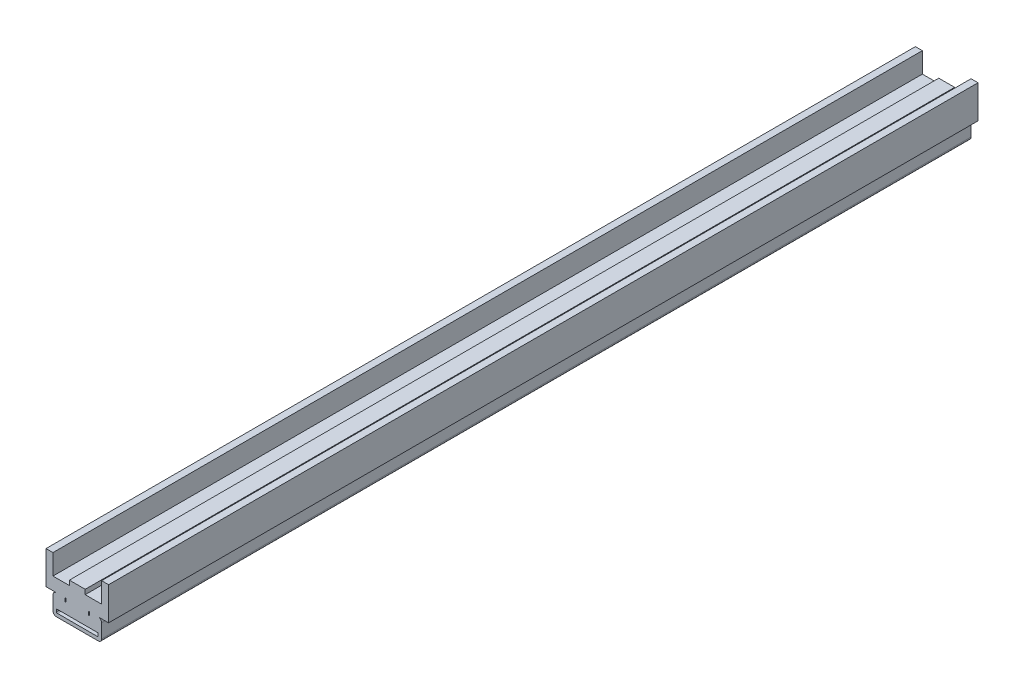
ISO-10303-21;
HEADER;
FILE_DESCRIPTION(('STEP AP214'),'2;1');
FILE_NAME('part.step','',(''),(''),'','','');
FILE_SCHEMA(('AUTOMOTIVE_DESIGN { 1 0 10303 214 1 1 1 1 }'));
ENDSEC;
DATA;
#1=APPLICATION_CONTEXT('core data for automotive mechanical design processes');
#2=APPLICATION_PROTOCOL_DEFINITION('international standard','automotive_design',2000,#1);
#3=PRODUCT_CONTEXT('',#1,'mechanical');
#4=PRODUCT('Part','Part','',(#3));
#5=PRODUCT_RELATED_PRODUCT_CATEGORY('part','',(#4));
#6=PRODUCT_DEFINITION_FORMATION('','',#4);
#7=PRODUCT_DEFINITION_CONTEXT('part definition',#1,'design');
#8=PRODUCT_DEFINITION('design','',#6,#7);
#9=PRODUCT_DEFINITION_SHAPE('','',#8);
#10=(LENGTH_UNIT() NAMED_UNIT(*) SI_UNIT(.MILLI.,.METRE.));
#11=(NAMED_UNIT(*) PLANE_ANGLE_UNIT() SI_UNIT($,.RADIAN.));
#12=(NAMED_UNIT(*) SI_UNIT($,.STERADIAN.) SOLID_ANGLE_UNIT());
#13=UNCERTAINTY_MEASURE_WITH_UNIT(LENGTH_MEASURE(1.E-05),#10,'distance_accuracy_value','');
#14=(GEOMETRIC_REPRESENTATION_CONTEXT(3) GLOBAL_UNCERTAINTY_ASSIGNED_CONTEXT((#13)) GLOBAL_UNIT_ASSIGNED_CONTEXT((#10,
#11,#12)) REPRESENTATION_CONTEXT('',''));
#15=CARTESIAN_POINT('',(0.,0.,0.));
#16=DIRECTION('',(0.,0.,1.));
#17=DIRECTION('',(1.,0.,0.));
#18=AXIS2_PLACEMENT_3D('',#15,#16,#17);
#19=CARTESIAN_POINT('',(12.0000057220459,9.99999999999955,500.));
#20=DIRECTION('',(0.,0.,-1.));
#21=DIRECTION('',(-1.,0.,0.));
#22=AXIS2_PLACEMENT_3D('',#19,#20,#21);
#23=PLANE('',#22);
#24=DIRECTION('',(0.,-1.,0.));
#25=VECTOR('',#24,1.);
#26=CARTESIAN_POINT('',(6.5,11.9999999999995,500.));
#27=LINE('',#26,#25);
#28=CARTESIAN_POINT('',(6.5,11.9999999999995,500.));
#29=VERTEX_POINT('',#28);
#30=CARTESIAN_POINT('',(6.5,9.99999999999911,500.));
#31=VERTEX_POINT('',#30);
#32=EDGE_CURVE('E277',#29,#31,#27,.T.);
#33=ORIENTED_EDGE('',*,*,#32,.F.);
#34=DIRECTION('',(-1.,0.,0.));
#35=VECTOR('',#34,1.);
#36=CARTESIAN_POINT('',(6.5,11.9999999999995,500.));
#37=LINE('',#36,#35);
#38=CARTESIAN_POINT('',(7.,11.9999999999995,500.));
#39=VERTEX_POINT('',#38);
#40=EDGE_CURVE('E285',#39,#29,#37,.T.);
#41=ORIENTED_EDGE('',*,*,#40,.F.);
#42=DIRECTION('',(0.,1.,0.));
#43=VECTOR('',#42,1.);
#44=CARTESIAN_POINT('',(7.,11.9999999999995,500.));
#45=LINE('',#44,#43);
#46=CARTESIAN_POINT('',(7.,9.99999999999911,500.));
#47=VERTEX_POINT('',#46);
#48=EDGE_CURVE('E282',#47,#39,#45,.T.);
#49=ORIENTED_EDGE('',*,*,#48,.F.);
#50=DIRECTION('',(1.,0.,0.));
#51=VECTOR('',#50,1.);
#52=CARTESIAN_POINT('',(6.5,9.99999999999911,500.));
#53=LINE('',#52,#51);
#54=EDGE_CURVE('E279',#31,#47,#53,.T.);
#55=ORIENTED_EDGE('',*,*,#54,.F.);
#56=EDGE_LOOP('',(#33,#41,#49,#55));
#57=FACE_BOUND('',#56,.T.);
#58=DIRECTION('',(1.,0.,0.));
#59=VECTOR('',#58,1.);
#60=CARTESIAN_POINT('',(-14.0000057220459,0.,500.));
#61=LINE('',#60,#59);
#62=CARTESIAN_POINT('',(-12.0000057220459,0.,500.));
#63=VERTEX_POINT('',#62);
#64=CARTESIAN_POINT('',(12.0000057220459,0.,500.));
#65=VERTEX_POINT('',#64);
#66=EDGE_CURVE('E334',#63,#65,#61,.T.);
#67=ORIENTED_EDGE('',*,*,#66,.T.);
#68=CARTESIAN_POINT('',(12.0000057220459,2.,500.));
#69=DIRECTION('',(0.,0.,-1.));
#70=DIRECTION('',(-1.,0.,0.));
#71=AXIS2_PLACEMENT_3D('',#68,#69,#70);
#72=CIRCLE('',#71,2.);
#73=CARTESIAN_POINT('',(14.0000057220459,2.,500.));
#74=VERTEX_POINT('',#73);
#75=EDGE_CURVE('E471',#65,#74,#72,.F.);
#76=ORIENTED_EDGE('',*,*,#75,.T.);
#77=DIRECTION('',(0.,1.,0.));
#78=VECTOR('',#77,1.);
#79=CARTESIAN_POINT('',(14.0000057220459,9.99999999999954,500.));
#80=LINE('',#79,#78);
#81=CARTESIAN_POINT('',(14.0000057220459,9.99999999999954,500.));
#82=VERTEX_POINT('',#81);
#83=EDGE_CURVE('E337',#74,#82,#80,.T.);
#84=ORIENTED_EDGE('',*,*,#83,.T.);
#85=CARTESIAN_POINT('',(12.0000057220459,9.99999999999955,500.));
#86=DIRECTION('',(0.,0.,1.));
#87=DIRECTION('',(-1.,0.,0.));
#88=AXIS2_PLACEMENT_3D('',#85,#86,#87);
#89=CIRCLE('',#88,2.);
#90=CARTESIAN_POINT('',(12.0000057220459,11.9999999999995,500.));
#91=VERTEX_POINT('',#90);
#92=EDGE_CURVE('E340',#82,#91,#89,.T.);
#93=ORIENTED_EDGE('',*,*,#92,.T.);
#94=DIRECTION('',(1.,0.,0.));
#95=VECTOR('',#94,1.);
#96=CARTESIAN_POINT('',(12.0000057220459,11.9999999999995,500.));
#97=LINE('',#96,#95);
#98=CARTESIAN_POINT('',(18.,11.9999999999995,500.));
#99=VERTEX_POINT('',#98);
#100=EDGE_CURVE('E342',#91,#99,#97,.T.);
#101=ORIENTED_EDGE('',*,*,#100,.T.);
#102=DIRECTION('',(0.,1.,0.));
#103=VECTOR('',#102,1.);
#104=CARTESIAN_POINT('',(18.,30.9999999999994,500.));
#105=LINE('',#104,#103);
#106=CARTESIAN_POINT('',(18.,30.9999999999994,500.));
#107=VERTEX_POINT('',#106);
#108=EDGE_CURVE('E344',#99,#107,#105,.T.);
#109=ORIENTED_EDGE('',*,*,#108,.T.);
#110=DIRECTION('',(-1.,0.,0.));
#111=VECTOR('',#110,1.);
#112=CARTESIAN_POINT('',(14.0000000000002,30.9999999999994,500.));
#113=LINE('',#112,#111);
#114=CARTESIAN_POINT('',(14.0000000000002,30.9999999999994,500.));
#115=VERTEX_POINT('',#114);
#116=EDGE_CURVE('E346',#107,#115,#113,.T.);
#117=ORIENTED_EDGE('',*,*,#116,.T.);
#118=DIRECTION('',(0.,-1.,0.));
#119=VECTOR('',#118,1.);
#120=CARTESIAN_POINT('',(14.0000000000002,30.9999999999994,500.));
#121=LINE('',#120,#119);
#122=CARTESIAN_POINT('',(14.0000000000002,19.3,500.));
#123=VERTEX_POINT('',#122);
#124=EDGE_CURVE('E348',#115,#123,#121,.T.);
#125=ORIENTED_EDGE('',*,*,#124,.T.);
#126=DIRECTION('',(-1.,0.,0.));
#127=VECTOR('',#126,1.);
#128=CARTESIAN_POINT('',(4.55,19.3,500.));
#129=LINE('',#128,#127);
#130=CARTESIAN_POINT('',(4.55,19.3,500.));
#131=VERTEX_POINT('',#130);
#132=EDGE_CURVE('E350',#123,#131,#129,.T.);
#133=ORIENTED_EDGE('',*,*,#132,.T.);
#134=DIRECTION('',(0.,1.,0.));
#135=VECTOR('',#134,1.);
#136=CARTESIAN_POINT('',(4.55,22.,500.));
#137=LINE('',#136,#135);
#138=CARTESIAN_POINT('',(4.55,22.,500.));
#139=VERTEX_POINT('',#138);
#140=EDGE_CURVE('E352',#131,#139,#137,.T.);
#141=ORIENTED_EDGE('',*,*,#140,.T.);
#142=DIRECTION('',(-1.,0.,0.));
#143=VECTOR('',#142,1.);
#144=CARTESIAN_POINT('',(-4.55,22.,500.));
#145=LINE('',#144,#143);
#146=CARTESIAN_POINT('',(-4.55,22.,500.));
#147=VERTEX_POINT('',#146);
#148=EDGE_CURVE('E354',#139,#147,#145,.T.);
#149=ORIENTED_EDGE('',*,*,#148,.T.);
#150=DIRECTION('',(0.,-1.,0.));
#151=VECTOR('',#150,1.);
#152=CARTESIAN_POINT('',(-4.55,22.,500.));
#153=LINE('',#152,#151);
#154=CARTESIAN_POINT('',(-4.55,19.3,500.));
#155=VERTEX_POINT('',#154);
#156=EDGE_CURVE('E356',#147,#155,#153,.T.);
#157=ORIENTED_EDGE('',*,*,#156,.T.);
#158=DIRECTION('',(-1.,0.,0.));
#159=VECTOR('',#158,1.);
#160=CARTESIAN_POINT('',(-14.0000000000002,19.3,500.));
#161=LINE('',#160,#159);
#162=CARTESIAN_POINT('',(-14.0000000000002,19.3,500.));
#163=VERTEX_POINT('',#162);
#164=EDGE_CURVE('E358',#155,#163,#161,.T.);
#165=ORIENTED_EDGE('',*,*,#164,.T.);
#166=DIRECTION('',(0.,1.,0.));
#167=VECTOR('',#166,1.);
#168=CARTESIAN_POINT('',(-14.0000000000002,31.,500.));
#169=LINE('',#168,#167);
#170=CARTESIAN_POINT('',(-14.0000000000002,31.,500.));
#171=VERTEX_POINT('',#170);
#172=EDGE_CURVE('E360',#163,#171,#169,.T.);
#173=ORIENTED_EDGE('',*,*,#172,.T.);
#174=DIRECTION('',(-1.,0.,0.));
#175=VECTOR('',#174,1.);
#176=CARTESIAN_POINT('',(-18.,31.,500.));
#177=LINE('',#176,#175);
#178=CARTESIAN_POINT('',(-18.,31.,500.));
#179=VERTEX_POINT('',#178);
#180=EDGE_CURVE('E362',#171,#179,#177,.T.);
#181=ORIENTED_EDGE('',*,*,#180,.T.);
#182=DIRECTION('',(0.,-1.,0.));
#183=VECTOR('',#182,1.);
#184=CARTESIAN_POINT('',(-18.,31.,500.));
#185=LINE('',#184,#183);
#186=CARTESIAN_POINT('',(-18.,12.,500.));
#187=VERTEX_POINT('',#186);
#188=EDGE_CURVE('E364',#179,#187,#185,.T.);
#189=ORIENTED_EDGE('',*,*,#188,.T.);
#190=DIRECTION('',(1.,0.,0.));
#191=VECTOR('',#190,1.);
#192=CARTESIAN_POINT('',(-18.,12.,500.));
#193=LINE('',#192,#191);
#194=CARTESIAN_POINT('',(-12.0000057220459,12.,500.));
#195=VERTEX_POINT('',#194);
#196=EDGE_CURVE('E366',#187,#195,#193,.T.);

• [What you need to do]: Within the listing above, give again exactly every line from the line with "#67=ORIENTED_EDGE('',*,*,#66,.T.);" through the line with "#116=EDGE_CURVE('E346',#107,#115,#113,.T.);", both included, and no other line.

• [Exercise output]:
#67=ORIENTED_EDGE('',*,*,#66,.T.);
#68=CARTESIAN_POINT('',(12.0000057220459,2.,500.));
#69=DIRECTION('',(0.,0.,-1.));
#70=DIRECTION('',(-1.,0.,0.));
#71=AXIS2_PLACEMENT_3D('',#68,#69,#70);
#72=CIRCLE('',#71,2.);
#73=CARTESIAN_POINT('',(14.0000057220459,2.,500.));
#74=VERTEX_POINT('',#73);
#75=EDGE_CURVE('E471',#65,#74,#72,.F.);
#76=ORIENTED_EDGE('',*,*,#75,.T.);
#77=DIRECTION('',(0.,1.,0.));
#78=VECTOR('',#77,1.);
#79=CARTESIAN_POINT('',(14.0000057220459,9.99999999999954,500.));
#80=LINE('',#79,#78);
#81=CARTESIAN_POINT('',(14.0000057220459,9.99999999999954,500.));
#82=VERTEX_POINT('',#81);
#83=EDGE_CURVE('E337',#74,#82,#80,.T.);
#84=ORIENTED_EDGE('',*,*,#83,.T.);
#85=CARTESIAN_POINT('',(12.0000057220459,9.99999999999955,500.));
#86=DIRECTION('',(0.,0.,1.));
#87=DIRECTION('',(-1.,0.,0.));
#88=AXIS2_PLACEMENT_3D('',#85,#86,#87);
#89=CIRCLE('',#88,2.);
#90=CARTESIAN_POINT('',(12.0000057220459,11.9999999999995,500.));
#91=VERTEX_POINT('',#90);
#92=EDGE_CURVE('E340',#82,#91,#89,.T.);
#93=ORIENTED_EDGE('',*,*,#92,.T.);
#94=DIRECTION('',(1.,0.,0.));
#95=VECTOR('',#94,1.);
#96=CARTESIAN_POINT('',(12.0000057220459,11.9999999999995,500.));
#97=LINE('',#96,#95);
#98=CARTESIAN_POINT('',(18.,11.9999999999995,500.));
#99=VERTEX_POINT('',#98);
#100=EDGE_CURVE('E342',#91,#99,#97,.T.);
#101=ORIENTED_EDGE('',*,*,#100,.T.);
#102=DIRECTION('',(0.,1.,0.));
#103=VECTOR('',#102,1.);
#104=CARTESIAN_POINT('',(18.,30.9999999999994,500.));
#105=LINE('',#104,#103);
#106=CARTESIAN_POINT('',(18.,30.9999999999994,500.));
#107=VERTEX_POINT('',#106);
#108=EDGE_CURVE('E344',#99,#107,#105,.T.);
#109=ORIENTED_EDGE('',*,*,#108,.T.);
#110=DIRECTION('',(-1.,0.,0.));
#111=VECTOR('',#110,1.);
#112=CARTESIAN_POINT('',(14.0000000000002,30.9999999999994,500.));
#113=LINE('',#112,#111);
#114=CARTESIAN_POINT('',(14.0000000000002,30.9999999999994,500.));
#115=VERTEX_POINT('',#114);
#116=EDGE_CURVE('E346',#107,#115,#113,.T.);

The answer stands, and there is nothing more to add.